* **Problem description**: Copy exactly the lines of the records below, and only those lines, beginning with the line that contains "[VehicleSpdFlt] -> Divide/1, Add/1" and ending with the line that contains "[tq_in_prev] -> VmcRgn_Chart/7(tq_in)".

(Dataset items)

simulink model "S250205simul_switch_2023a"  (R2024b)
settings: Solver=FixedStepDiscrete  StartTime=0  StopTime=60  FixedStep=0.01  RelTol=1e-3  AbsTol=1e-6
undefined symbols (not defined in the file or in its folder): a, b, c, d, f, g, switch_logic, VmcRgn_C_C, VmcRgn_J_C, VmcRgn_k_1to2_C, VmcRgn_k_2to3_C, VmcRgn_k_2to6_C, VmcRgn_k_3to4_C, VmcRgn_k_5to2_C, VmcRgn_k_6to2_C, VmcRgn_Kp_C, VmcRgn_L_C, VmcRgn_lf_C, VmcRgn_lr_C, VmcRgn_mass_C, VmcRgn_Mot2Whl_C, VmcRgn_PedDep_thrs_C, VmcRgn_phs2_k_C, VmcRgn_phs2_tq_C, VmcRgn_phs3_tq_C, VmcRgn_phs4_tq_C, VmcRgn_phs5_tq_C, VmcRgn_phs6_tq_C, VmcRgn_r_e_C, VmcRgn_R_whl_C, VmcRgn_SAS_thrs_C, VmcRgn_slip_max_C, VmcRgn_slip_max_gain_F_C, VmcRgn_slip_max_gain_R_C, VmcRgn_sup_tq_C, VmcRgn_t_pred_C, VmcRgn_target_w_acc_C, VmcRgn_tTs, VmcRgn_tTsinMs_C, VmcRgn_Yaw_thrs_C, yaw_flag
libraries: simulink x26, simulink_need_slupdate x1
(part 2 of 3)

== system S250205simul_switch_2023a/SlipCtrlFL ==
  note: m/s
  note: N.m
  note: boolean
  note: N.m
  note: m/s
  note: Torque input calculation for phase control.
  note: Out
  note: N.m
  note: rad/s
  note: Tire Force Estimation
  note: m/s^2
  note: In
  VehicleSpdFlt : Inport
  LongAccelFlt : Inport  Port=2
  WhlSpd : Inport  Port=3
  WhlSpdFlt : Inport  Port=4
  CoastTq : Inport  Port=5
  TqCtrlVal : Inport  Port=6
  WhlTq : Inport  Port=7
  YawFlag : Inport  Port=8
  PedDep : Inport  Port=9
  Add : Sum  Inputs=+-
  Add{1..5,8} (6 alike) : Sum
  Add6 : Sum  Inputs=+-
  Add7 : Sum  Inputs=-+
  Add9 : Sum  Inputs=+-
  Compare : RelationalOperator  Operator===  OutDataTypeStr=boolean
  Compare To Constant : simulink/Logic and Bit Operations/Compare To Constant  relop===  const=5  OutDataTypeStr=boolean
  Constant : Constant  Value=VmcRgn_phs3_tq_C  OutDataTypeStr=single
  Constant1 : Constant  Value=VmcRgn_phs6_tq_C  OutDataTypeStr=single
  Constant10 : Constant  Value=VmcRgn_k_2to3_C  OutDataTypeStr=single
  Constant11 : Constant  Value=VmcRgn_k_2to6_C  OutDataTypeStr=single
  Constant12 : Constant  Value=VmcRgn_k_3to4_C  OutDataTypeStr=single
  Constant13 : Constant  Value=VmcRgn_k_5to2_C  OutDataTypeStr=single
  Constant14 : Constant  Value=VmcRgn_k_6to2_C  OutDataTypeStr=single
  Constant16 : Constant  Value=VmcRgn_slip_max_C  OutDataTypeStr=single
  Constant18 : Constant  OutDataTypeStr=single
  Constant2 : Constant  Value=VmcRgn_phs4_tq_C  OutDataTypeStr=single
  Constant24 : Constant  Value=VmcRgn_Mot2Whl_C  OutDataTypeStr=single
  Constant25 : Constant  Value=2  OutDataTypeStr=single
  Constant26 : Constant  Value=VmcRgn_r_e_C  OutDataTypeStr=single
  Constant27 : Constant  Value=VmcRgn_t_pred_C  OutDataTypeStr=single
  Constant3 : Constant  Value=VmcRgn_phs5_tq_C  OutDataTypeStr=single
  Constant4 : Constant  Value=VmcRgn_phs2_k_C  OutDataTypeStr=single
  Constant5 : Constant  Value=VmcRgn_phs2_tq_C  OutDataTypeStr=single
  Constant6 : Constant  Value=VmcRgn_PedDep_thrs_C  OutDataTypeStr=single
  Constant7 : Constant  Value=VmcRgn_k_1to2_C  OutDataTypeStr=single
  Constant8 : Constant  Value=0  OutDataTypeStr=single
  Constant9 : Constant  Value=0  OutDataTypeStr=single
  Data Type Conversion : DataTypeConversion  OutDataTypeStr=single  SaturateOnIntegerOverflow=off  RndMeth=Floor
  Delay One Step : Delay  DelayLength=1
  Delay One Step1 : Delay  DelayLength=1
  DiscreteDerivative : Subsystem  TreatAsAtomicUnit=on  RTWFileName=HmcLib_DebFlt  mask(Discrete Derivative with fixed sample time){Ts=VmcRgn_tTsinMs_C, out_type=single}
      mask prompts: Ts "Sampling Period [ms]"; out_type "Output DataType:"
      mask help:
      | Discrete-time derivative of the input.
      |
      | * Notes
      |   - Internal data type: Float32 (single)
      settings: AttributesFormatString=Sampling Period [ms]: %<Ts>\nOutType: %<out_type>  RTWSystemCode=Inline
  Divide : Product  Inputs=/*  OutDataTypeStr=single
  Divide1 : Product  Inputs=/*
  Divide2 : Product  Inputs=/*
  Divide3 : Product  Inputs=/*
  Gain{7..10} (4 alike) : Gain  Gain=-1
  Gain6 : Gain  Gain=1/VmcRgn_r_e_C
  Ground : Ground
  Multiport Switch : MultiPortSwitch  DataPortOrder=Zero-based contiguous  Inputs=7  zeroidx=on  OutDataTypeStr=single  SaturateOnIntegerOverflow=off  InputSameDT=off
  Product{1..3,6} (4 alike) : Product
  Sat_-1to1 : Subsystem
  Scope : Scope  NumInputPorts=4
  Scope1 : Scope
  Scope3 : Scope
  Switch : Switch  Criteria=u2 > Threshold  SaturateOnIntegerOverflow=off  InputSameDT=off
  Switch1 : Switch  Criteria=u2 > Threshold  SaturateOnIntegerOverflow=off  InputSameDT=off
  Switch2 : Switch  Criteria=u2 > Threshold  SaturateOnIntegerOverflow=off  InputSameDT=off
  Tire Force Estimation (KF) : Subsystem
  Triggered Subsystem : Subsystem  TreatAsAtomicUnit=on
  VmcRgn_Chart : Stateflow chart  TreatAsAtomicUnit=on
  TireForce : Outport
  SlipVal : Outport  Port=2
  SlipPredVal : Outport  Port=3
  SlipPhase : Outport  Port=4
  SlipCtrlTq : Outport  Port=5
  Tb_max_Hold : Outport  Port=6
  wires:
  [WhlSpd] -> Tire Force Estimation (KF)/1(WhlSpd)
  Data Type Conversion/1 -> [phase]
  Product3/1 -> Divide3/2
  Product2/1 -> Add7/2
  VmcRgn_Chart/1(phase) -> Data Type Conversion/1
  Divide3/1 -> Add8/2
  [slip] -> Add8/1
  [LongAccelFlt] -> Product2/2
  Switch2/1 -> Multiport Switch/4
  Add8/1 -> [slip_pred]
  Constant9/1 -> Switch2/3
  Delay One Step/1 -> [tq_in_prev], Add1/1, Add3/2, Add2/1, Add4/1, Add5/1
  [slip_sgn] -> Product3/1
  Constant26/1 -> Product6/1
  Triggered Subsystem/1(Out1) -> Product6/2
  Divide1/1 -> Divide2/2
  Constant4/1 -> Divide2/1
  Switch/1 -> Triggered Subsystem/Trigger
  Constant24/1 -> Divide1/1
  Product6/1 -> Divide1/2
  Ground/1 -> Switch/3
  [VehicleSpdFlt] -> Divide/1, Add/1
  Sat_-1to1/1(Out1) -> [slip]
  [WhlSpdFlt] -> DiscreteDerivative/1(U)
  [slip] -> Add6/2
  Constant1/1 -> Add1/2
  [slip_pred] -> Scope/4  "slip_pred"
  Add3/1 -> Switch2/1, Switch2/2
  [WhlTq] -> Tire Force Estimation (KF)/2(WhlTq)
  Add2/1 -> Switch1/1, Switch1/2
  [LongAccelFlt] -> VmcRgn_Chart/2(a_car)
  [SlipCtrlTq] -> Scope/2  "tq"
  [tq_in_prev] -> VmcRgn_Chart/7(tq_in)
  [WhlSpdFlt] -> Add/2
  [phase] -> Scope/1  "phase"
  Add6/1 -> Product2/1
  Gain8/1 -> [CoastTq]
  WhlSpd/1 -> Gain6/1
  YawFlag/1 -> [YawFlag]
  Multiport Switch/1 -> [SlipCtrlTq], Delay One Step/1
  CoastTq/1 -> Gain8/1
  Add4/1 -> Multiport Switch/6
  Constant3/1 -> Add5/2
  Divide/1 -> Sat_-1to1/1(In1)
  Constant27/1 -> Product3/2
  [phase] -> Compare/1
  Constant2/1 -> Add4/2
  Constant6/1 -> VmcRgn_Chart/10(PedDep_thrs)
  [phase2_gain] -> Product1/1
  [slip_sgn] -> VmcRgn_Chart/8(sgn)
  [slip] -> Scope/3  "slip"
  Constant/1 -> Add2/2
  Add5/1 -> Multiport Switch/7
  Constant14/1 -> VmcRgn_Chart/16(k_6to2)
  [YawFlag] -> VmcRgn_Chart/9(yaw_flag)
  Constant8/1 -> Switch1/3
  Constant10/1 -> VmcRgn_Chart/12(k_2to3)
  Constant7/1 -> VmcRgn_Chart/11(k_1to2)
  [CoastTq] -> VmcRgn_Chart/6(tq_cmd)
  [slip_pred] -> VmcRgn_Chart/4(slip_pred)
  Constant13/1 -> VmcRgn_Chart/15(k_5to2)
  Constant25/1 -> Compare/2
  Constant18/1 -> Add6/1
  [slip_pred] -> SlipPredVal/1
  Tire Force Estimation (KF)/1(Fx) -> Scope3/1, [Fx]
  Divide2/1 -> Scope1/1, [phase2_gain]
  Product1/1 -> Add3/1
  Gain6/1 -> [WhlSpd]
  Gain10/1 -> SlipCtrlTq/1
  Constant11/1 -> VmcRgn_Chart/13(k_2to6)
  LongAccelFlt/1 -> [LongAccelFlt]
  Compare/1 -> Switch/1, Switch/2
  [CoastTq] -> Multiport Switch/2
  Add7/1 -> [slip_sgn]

* **Exercise result**:
  [VehicleSpdFlt] -> Divide/1, Add/1
  Sat_-1to1/1(Out1) -> [slip]
  [WhlSpdFlt] -> DiscreteDerivative/1(U)
  [slip] -> Add6/2
  Constant1/1 -> Add1/2
  [slip_pred] -> Scope/4  "slip_pred"
  Add3/1 -> Switch2/1, Switch2/2
  [WhlTq] -> Tire Force Estimation (KF)/2(WhlTq)
  Add2/1 -> Switch1/1, Switch1/2
  [LongAccelFlt] -> VmcRgn_Chart/2(a_car)
  [SlipCtrlTq] -> Scope/2  "tq"
  [tq_in_prev] -> VmcRgn_Chart/7(tq_in)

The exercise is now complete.